### What you need to do
Read the data below. Every line holding the string "FaultsReport" must be copied.
─── The records
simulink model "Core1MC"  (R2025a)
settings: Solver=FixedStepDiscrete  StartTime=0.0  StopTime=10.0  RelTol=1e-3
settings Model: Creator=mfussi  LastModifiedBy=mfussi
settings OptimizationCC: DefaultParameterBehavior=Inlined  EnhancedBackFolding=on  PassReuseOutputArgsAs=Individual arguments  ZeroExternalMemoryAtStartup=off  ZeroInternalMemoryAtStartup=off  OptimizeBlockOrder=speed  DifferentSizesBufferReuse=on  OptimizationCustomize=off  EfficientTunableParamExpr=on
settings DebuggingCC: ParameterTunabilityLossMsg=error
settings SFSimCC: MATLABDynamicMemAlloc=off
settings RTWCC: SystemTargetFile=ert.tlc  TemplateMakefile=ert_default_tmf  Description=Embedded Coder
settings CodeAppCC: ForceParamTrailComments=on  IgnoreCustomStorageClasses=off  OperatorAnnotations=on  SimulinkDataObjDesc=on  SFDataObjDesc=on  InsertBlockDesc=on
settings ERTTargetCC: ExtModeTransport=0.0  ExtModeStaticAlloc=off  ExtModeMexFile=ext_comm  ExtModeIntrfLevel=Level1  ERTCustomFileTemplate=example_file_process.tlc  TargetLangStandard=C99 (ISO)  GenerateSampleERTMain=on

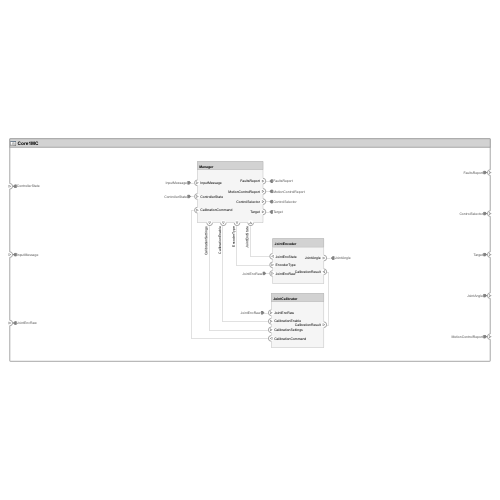
[thumbnail: Simulink's stored preview of the top-level diagram]
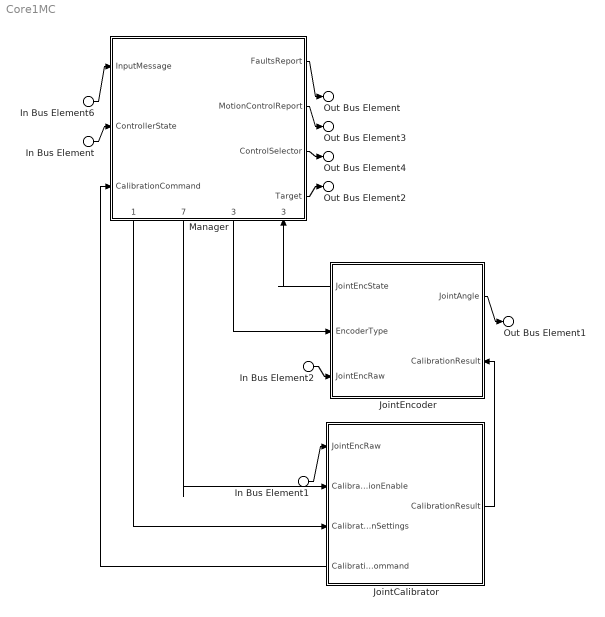
== system Core1MC ==
  In Bus Element : Inport  PortName=ControllerState
  In Bus Element6 : Inport  Port=2  PortName=InputMessage
  In Bus Element2 : Inport  Port=3  PortName=JointEncRaw
  In Bus Element1 : Inport  Port=3  PortName=JointEncRaw
  JointCalibrator : Subsystem
      settings: PortSchema="{\"entries\":[{\"content\":{\"headerSize\":26,\"margin\":15,\"minimumSpacing\":25,\"sides\":[{\"content\":{\"connectorIds\":[\"In3\",\"In1\",\"In2\",\"Out2\"]},\"type\":\"ConnectorPlacement.EquallySpacedRectSide\",\"uuid\":\"01a9f67f-de41-4770-8c99-b8ecc5be53ce\"},{\"content\":{\"connectorIds\":[\"Out1\"],\"side\":\"RIGHT\"},\"type\":\"ConnectorPlacement.EquallySpacedRectSide\",\"uuid\":\"bf951eb2-be85-4331-ab1b-e1ec4c58de10\"},{\"content\":{\"side\":\"TOP\"},\"type\":\"ConnectorPlacement.EquallySpacedRectSide\",\"uuid\":\"bda0090a-3dbc-4c35-be89-fb46a9401bc0\"},{\"content\":{\"side\":\"BOTTOM\"},\"type\":\"ConnectorPlacement.EquallySpacedRectSide\",\"uuid\":\"ec3dea10-cab4-440e-89eb-654eef2537c3\"}]},\"type\":\"ConnectorPlacement.EquallySpacedConnector\",\"uuid\":\"c83d3565-87fc-4d8e-ad9f-6c471e7c3840\"}],\"packageUris\":[\"http://schema.mathworks.com/mf0/Connector/R2020b\"],\"version\":\"1.0\"}"
  JointEncoder : Subsystem
      settings: PortSchema="{\"entries\":[{\"content\":{\"headerSize\":26,\"margin\":15,\"minimumSpacing\":25,\"sides\":[{\"content\":{\"connectorIds\":[\"Out1\",\"In1\",\"In3\"]},\"type\":\"ConnectorPlacement.EquallySpacedRectSide\",\"uuid\":\"01a9f67f-de41-4770-8c99-b8ecc5be53ce\"},{\"content\":{\"connectorIds\":[\"Out2\",\"In2\"],\"side\":\"RIGHT\"},\"type\":\"ConnectorPlacement.EquallySpacedRectSide\",\"uuid\":\"bf951eb2-be85-4331-ab1b-e1ec4c58de10\"},{\"content\":{\"side\":\"TOP\"},\"type\":\"ConnectorPlacement.EquallySpacedRectSide\",\"uuid\":\"bda0090a-3dbc-4c35-be89-fb46a9401bc0\"},{\"content\":{\"side\":\"BOTTOM\"},\"type\":\"ConnectorPlacement.EquallySpacedRectSide\",\"uuid\":\"08402c68-e81a-4e51-a9bb-186315986595\"}]},\"type\":\"ConnectorPlacement.EquallySpacedConnector\",\"uuid\":\"c83d3565-87fc-4d8e-ad9f-6c471e7c3840\"}],\"packageUris\":[\"http://schema.mathworks.com/mf0/Connector/R2020b\"],\"version\":\"1.0\"}"
  Manager : Subsystem
      settings: PortSchema="{\"entries\":[{\"content\":{\"headerSize\":26,\"margin\":15,\"minimumSpacing\":25,\"sides\":[{\"content\":{\"connectorIds\":[\"In1\",\"In4\",\"In2\"]},\"type\":\"ConnectorPlacement.EquallySpacedRectSide\",\"uuid\":\"8e6109ac-b489-4864-8b2b-7ebf0beccfe4\"},{\"content\":{\"connectorIds\":[\"Out2\",\"Out5\",\"Out4\",\"Out6\"],\"side\":\"RIGHT\"},\"type\":\"ConnectorPlacement.EquallySpacedRectSide\",\"uuid\":\"71828a7e-6b05-4f57-abc1-6f865453b9f6\"},{\"content\":{\"side\":\"TOP\"},\"type\":\"ConnectorPlacement.EquallySpacedRectSide\",\"uuid\":\"bfeeaaf9-6170-4b48-807f-b679c72692dc\"},{\"content\":{\"connectorIds\":[\"Out1\",\"Out7\",\"Out3\",\"In3\"],\"side\":\"BOTTOM\"},\"type\":\"ConnectorPlacement.EquallySpacedRectSide\",\"uuid\":\"8d96d7f2-73a1-4d5a-99fb-90680abef3dc\"}]},\"type\":\"ConnectorPlacement.EquallySpacedConnector\",\"uuid\":\"352ed8e9-1880-4bea-97e7-a2aba6f573a0\"}],\"packageUris\":[\"http://schema.mathworks.com/mf0/Connector/R2020b\"],\"version\":\"1.0\"}"
  Out Bus Element : Outport  PortName=FaultsReport
  Out Bus Element4 : Outport  Port=2  PortName=ControlSelector
  Out Bus Element2 : Outport  Port=3  PortName=Target
  Out Bus Element1 : Outport  Port=4  PortName=JointAngle
  Out Bus Element3 : Outport  Port=5  PortName=MotionControlReport
  wires:
  Manager/7(CalibrationEnable) -> JointCalibrator/1(CalibrationEnable)
  Manager/6(Target) -> Out Bus Element2/1
  Manager/1(CalibrationSettings) -> JointCalibrator/2(CalibrationSettings)
  JointEncoder/2(JointAngle) -> Out Bus Element1/1
  In Bus Element2/1 -> JointEncoder/3(JointEncRaw)
  Manager/2(FaultsReport) -> Out Bus Element/1
  JointCalibrator/2(CalibrationCommand) -> Manager/2(CalibrationCommand)
  Manager/5(MotionControlReport) -> Out Bus Element3/1
  In Bus Element1/1 -> JointCalibrator/3(JointEncRaw)
  Manager/3(EncoderType) -> JointEncoder/1(EncoderType)
  In Bus Element6/1 -> Manager/1(InputMessage)
  JointCalibrator/1(CalibrationResult) -> JointEncoder/2(CalibrationResult)
  JointEncoder/1(JointEncState) -> Manager/3(JointEncState)
  Manager/4(ControlSelector) -> Out Bus Element4/1
  In Bus Element/1 -> Manager/4(ControllerState)

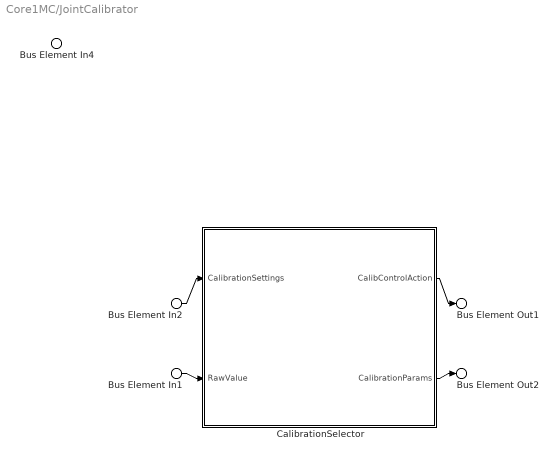
== system Core1MC/JointCalibrator ==
  Bus Element In4 : Inport  PortName=CalibrationEnable
  Bus Element In2 : Inport  Port=2  PortName=CalibrationSettings
  Bus Element In1 : Inport  Port=3  PortName=JointEncRaw
  CalibrationSelector : Subsystem
      settings: PortSchema="{\"entries\":[{\"content\":{\"headerSize\":26,\"margin\":15,\"minimumSpacing\":25,\"sides\":[{\"content\":{\"connectorIds\":[\"In1\",\"In2\"]},\"type\":\"ConnectorPlacement.EquallySpacedRectSide\",\"uuid\":\"8e6109ac-b489-4864-8b2b-7ebf0beccfe4\"},{\"content\":{\"connectorIds\":[\"Out1\",\"Out2\"],\"side\":\"RIGHT\"},\"type\":\"ConnectorPlacement.EquallySpacedRectSide\",\"uuid\":\"71828a7e-6b05-4f57-abc1-6f865453b9f6\"},{\"content\":{\"side\":\"TOP\"},\"type\":\"ConnectorPlacement.EquallySpacedRectSide\",\"uuid\":\"bfeeaaf9-6170-4b48-807f-b679c72692dc\"},{\"content\":{\"side\":\"BOTTOM\"},\"type\":\"ConnectorPlacement.EquallySpacedRectSide\",\"uuid\":\"25c92704-7839-4043-9d29-39ffe7db8a81\"}]},\"type\":\"ConnectorPlacement.EquallySpacedConnector\",\"uuid\":\"352ed8e9-1880-4bea-97e7-a2aba6f573a0\"}],\"packageUris\":[\"http://schema.mathworks.com/mf0/Connector/R2020b\"],\"version\":\"1.0\"}"
  Bus Element Out2 : Outport  PortName=CalibrationResult
  Bus Element Out1 : Outport  Port=2  PortName=CalibrationCommand
  wires:
  Bus Element In2/1 -> CalibrationSelector/1(CalibrationSettings)
  CalibrationSelector/2(CalibrationParams) -> Bus Element Out2/1
  Bus Element In1/1 -> CalibrationSelector/2(RawValue)
  CalibrationSelector/1(CalibControlAction) -> Bus Element Out1/1

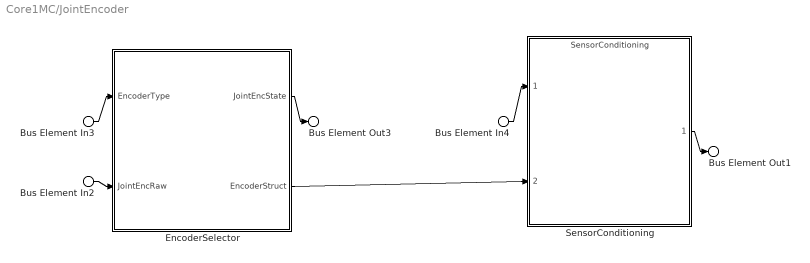
== system Core1MC/JointEncoder ==
  Bus Element In3 : Inport  PortName=EncoderType
  Bus Element In4 : Inport  Port=2  PortName=CalibrationResult
  Bus Element In2 : Inport  Port=3  PortName=JointEncRaw
  EncoderSelector : Subsystem
      settings: PortSchema="{\"entries\":[{\"content\":{\"headerSize\":26,\"margin\":15,\"minimumSpacing\":25,\"sides\":[{\"content\":{\"connectorIds\":[\"In1\",\"In2\"]},\"type\":\"ConnectorPlacement.EquallySpacedRectSide\",\"uuid\":\"8f52fc44-033b-42c5-ba74-e10c3c4c9620\"},{\"content\":{\"connectorIds\":[\"Out1\",\"Out2\"],\"side\":\"RIGHT\"},\"type\":\"ConnectorPlacement.EquallySpacedRectSide\",\"uuid\":\"3378411c-333a-4ac7-97cd-fc73e032020d\"},{\"content\":{\"side\":\"TOP\"},\"type\":\"ConnectorPlacement.EquallySpacedRectSide\",\"uuid\":\"71f34e7e-b8af-4493-b4da-76896ccc3fbc\"}]},\"type\":\"ConnectorPlacement.EquallySpacedConnector\",\"uuid\":\"3896a3b2-2849-4eb4-a68e-00b6690583b8\"}],\"packageUris\":[\"http://schema.mathworks.com/mf0/Connector/R2020b\"],\"version\":\"1.0\"}"
  SensorConditioning : ModelReference  ModelNameDialog=SensorConditioning.slx  SimulationMode=Normal  ScheduleRates=on  ModelReferenceVersion=1.2
      settings: PortSchema="{\"entries\":[{\"content\":{\"headerSize\":38,\"margin\":15,\"minimumSpacing\":25,\"sides\":[{\"content\":{\"connectorIds\":[\"In1\",\"In2\"]},\"type\":\"ConnectorPlacement.EquallySpacedRectSide\",\"uuid\":\"6d6857fa-f5c9-43b4-a306-0920391a2fd0\"},{\"content\":{\"connectorIds\":[\"Out1\"],\"side\":\"RIGHT\"},\"type\":\"ConnectorPlacement.EquallySpacedRectSide\",\"uuid\":\"4567897e-6982-4f2c-af43-5ed4bc8792a2\"},{\"content\":{\"side\":\"TOP\"},\"type\":\"ConnectorPlacement.EquallySpacedRectSide\",\"uuid\":\"b9101744-fe35-433d-bb4c-e7449aefab81\"}]},\"type\":\"ConnectorPlacement.EquallySpacedConnector\",\"uuid\":\"96c92cf5-557b-4ff0-b6b4-f2ae6063b6b3\"}],\"packageUris\":[\"http://schema.mathworks.com/mf0/Connector/R2020b\"],\"version\":\"1.0\"}"
  Bus Element Out3 : Outport  PortName=JointEncState
  Bus Element Out1 : Outport  Port=2  PortName=JointAngle
  wires:
  Bus Element In3/1 -> EncoderSelector/1(EncoderType)
  SensorConditioning/1 -> Bus Element Out1/1
  Bus Element In4/1 -> SensorConditioning/1
  Bus Element In2/1 -> EncoderSelector/2(JointEncRaw)
  EncoderSelector/2(EncoderStruct) -> SensorConditioning/2
  EncoderSelector/1(JointEncState) -> Bus Element Out3/1

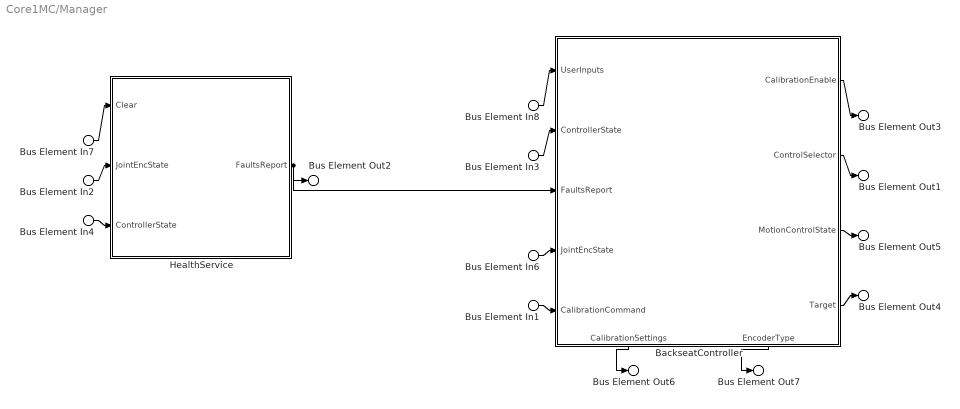
== system Core1MC/Manager ==
  Bus Element In8 : Inport  PortName=InputMessage
  Bus Element In7 : Inport  PortName=InputMessage  Element=ClearFaults
  Bus Element In1 : Inport  Port=2  PortName=CalibrationCommand
  Bus Element In2 : Inport  Port=3  PortName=JointEncState
  Bus Element In6 : Inport  Port=3  PortName=JointEncState
  Bus Element In3 : Inport  Port=4  PortName=ControllerState
  Bus Element In4 : Inport  Port=4  PortName=ControllerState
  "BackseatController   " : Subsystem
      settings: PortSchema="{\"entries\":[{\"content\":{\"headerSize\":26,\"margin\":15,\"minimumSpacing\":25,\"sides\":[{\"content\":{\"connectorIds\":[\"In1\",\"In2\",\"In4\",\"In3\",\"In5\"]},\"type\":\"ConnectorPlacement.EquallySpacedRectSide\",\"uuid\":\"85ee84b9-0970-40ce-bfce-e5d9bdcbaee5\"},{\"content\":{\"connectorIds\":[\"Out4\",\"Out3\",\"Out5\",\"Out6\"],\"side\":\"RIGHT\"},\"type\":\"ConnectorPlacement.EquallySpacedRectSide\",\"uuid\":\"4b841b97-ee1a-48ec-855b-c93d07f120e6\"},{\"content\":{\"side\":\"TOP\"},\"type\":\"ConnectorPlacement.EquallySpacedRectSide\",\"uuid\":\"7d8ccfe4-6449-46f0-b4fc-bdc759f5a65a\"},{\"content\":{\"connectorIds\":[\"Out1\",\"Out2\"],\"side\":\"BOTTOM\"},\"type\":\"ConnectorPlacement.EquallySpacedRectSide\",\"uuid\":\"0ea367ec-c1df-4801-a6d0-378c12bf5467\"}]},\"type\":\"ConnectorPlacement.EquallySpacedConnector\",\"uuid\":\"5fa6d4b4-3693-4e78-8a63-6d39a883b60e\"}],\"packageUris\":[\"http://schema.mathworks.com/mf0/Connector/R2020b\"],\"version\":\"1.0\"}"
  HealthService : Subsystem
      settings: PortSchema="{\"entries\":[{\"content\":{\"headerSize\":26,\"margin\":15,\"minimumSpacing\":25,\"sides\":[{\"content\":{\"connectorIds\":[\"In1\",\"In2\",\"In3\"]},\"type\":\"ConnectorPlacement.EquallySpacedRectSide\",\"uuid\":\"85ee84b9-0970-40ce-bfce-e5d9bdcbaee5\"},{\"content\":{\"connectorIds\":[\"Out1\"],\"side\":\"RIGHT\"},\"type\":\"ConnectorPlacement.EquallySpacedRectSide\",\"uuid\":\"4b841b97-ee1a-48ec-855b-c93d07f120e6\"},{\"content\":{\"side\":\"TOP\"},\"type\":\"ConnectorPlacement.EquallySpacedRectSide\",\"uuid\":\"7d8ccfe4-6449-46f0-b4fc-bdc759f5a65a\"}]},\"type\":\"ConnectorPlacement.EquallySpacedConnector\",\"uuid\":\"5fa6d4b4-3693-4e78-8a63-6d39a883b60e\"}],\"packageUris\":[\"http://schema.mathworks.com/mf0/Connector/R2020b\"],\"version\":\"1.0\"}"
  Bus Element Out6 : Outport  PortName=CalibrationSettings
  Bus Element Out2 : Outport  Port=2  PortName=FaultsReport
  Bus Element Out7 : Outport  Port=3  PortName=EncoderType
  Bus Element Out1 : Outport  Port=4  PortName=ControlSelector
  Bus Element Out5 : Outport  Port=5  PortName=MotionControlReport
  Bus Element Out4 : Outport  Port=6  PortName=Target
  Bus Element Out3 : Outport  Port=7  PortName=CalibrationEnable
  wires:
  "BackseatController   "/4(CalibrationEnable) -> Bus Element Out3/1
  "BackseatController   "/3(ControlSelector) -> Bus Element Out1/1
  Bus Element In3/1 -> "BackseatController   "/2(ControllerState)
  HealthService/1(FaultsReport) -> "BackseatController   "/4(FaultsReport), Bus Element Out2/1
  Bus Element In2/1 -> HealthService/2(JointEncState)
  Bus Element In4/1 -> HealthService/3(ControllerState)
  Bus Element In6/1 -> "BackseatController   "/3(JointEncState)
  "BackseatController   "/5(MotionControlState) -> Bus Element Out5/1
  Bus Element In7/1 -> HealthService/1(Clear)
  Bus Element In8/1 -> "BackseatController   "/1(UserInputs)
  "BackseatController   "/6(Target) -> Bus Element Out4/1
  "BackseatController   "/2(EncoderType) -> Bus Element Out7/1
  Bus Element In1/1 -> "BackseatController   "/5(CalibrationCommand)
  "BackseatController   "/1(CalibrationSettings) -> Bus Element Out6/1

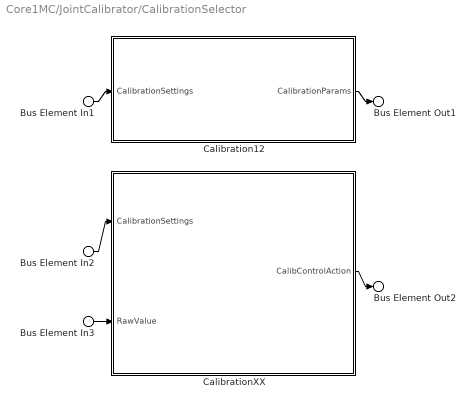
== system Core1MC/JointCalibrator/CalibrationSelector ==
  Bus Element In1 : Inport  PortName=CalibrationSettings
  Bus Element In2 : Inport  PortName=CalibrationSettings
  Bus Element In3 : Inport  Port=2  PortName=RawValue
  Calibration12 : Subsystem
      settings: PortSchema="{\"entries\":[{\"content\":{\"headerSize\":26,\"margin\":15,\"minimumSpacing\":25,\"sides\":[{\"content\":{\"connectorIds\":[\"In1\"]},\"type\":\"ConnectorPlacement.EquallySpacedRectSide\",\"uuid\":\"8e6109ac-b489-4864-8b2b-7ebf0beccfe4\"},{\"content\":{\"connectorIds\":[\"Out1\"],\"side\":\"RIGHT\"},\"type\":\"ConnectorPlacement.EquallySpacedRectSide\",\"uuid\":\"71828a7e-6b05-4f57-abc1-6f865453b9f6\"},{\"content\":{\"side\":\"TOP\"},\"type\":\"ConnectorPlacement.EquallySpacedRectSide\",\"uuid\":\"bfeeaaf9-6170-4b48-807f-b679c72692dc\"}]},\"type\":\"ConnectorPlacement.EquallySpacedConnector\",\"uuid\":\"352ed8e9-1880-4bea-97e7-a2aba6f573a0\"}],\"packageUris\":[\"http://schema.mathworks.com/mf0/Connector/R2020b\"],\"version\":\"1.0\"}"
  CalibrationXX : Subsystem
      settings: PortSchema="{\"entries\":[{\"content\":{\"headerSize\":26,\"margin\":15,\"minimumSpacing\":25,\"sides\":[{\"content\":{\"connectorIds\":[\"In1\",\"In2\"]},\"type\":\"ConnectorPlacement.EquallySpacedRectSide\",\"uuid\":\"8e6109ac-b489-4864-8b2b-7ebf0beccfe4\"},{\"content\":{\"connectorIds\":[\"Out1\"],\"side\":\"RIGHT\"},\"type\":\"ConnectorPlacement.EquallySpacedRectSide\",\"uuid\":\"71828a7e-6b05-4f57-abc1-6f865453b9f6\"},{\"content\":{\"side\":\"TOP\"},\"type\":\"ConnectorPlacement.EquallySpacedRectSide\",\"uuid\":\"bfeeaaf9-6170-4b48-807f-b679c72692dc\"},{\"content\":{\"side\":\"BOTTOM\"},\"type\":\"ConnectorPlacement.EquallySpacedRectSide\",\"uuid\":\"376d2493-7fe7-4dcb-93f0-7b1cd430ade4\"}]},\"type\":\"ConnectorPlacement.EquallySpacedConnector\",\"uuid\":\"352ed8e9-1880-4bea-97e7-a2aba6f573a0\"}],\"packageUris\":[\"http://schema.mathworks.com/mf0/Connector/R2020b\"],\"version\":\"1.0\"}"
  Bus Element Out2 : Outport  PortName=CalibControlAction
  Bus Element Out1 : Outport  Port=2  PortName=CalibrationParams
  wires:
  Bus Element In1/1 -> Calibration12/1(CalibrationSettings)
  Calibration12/1(CalibrationParams) -> Bus Element Out1/1
  Bus Element In2/1 -> CalibrationXX/1(CalibrationSettings)
  Bus Element In3/1 -> CalibrationXX/2(RawValue)
  CalibrationXX/1(CalibControlAction) -> Bus Element Out2/1

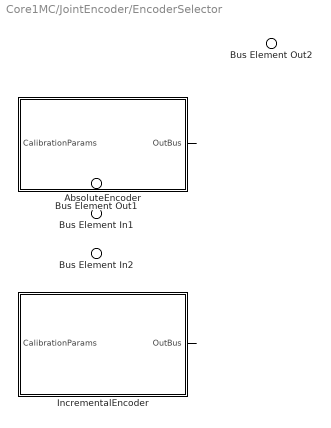
== system Core1MC/JointEncoder/EncoderSelector ==
  Bus Element In1 : Inport  PortName=EncoderType
  Bus Element In2 : Inport  Port=2  PortName=JointEncRaw
  AbsoluteEncoder : Subsystem
      settings: PortSchema="{\"entries\":[{\"content\":{\"headerSize\":26,\"margin\":15,\"minimumSpacing\":25,\"sides\":[{\"content\":{\"connectorIds\":[\"In1\"]},\"type\":\"ConnectorPlacement.EquallySpacedRectSide\",\"uuid\":\"8e6109ac-b489-4864-8b2b-7ebf0beccfe4\"},{\"content\":{\"connectorIds\":[\"Out1\"],\"side\":\"RIGHT\"},\"type\":\"ConnectorPlacement.EquallySpacedRectSide\",\"uuid\":\"71828a7e-6b05-4f57-abc1-6f865453b9f6\"},{\"content\":{\"side\":\"TOP\"},\"type\":\"ConnectorPlacement.EquallySpacedRectSide\",\"uuid\":\"bfeeaaf9-6170-4b48-807f-b679c72692dc\"}]},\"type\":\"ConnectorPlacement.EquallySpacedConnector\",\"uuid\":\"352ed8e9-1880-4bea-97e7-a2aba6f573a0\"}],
──────
### Written answer
  Out Bus Element : Outport  PortName=FaultsReport
  Manager/2(FaultsReport) -> Out Bus Element/1
  Bus Element Out2 : Outport  Port=2  PortName=FaultsReport
  HealthService/1(FaultsReport) -> "BackseatController   "/4(FaultsReport), Bus Element Out2/1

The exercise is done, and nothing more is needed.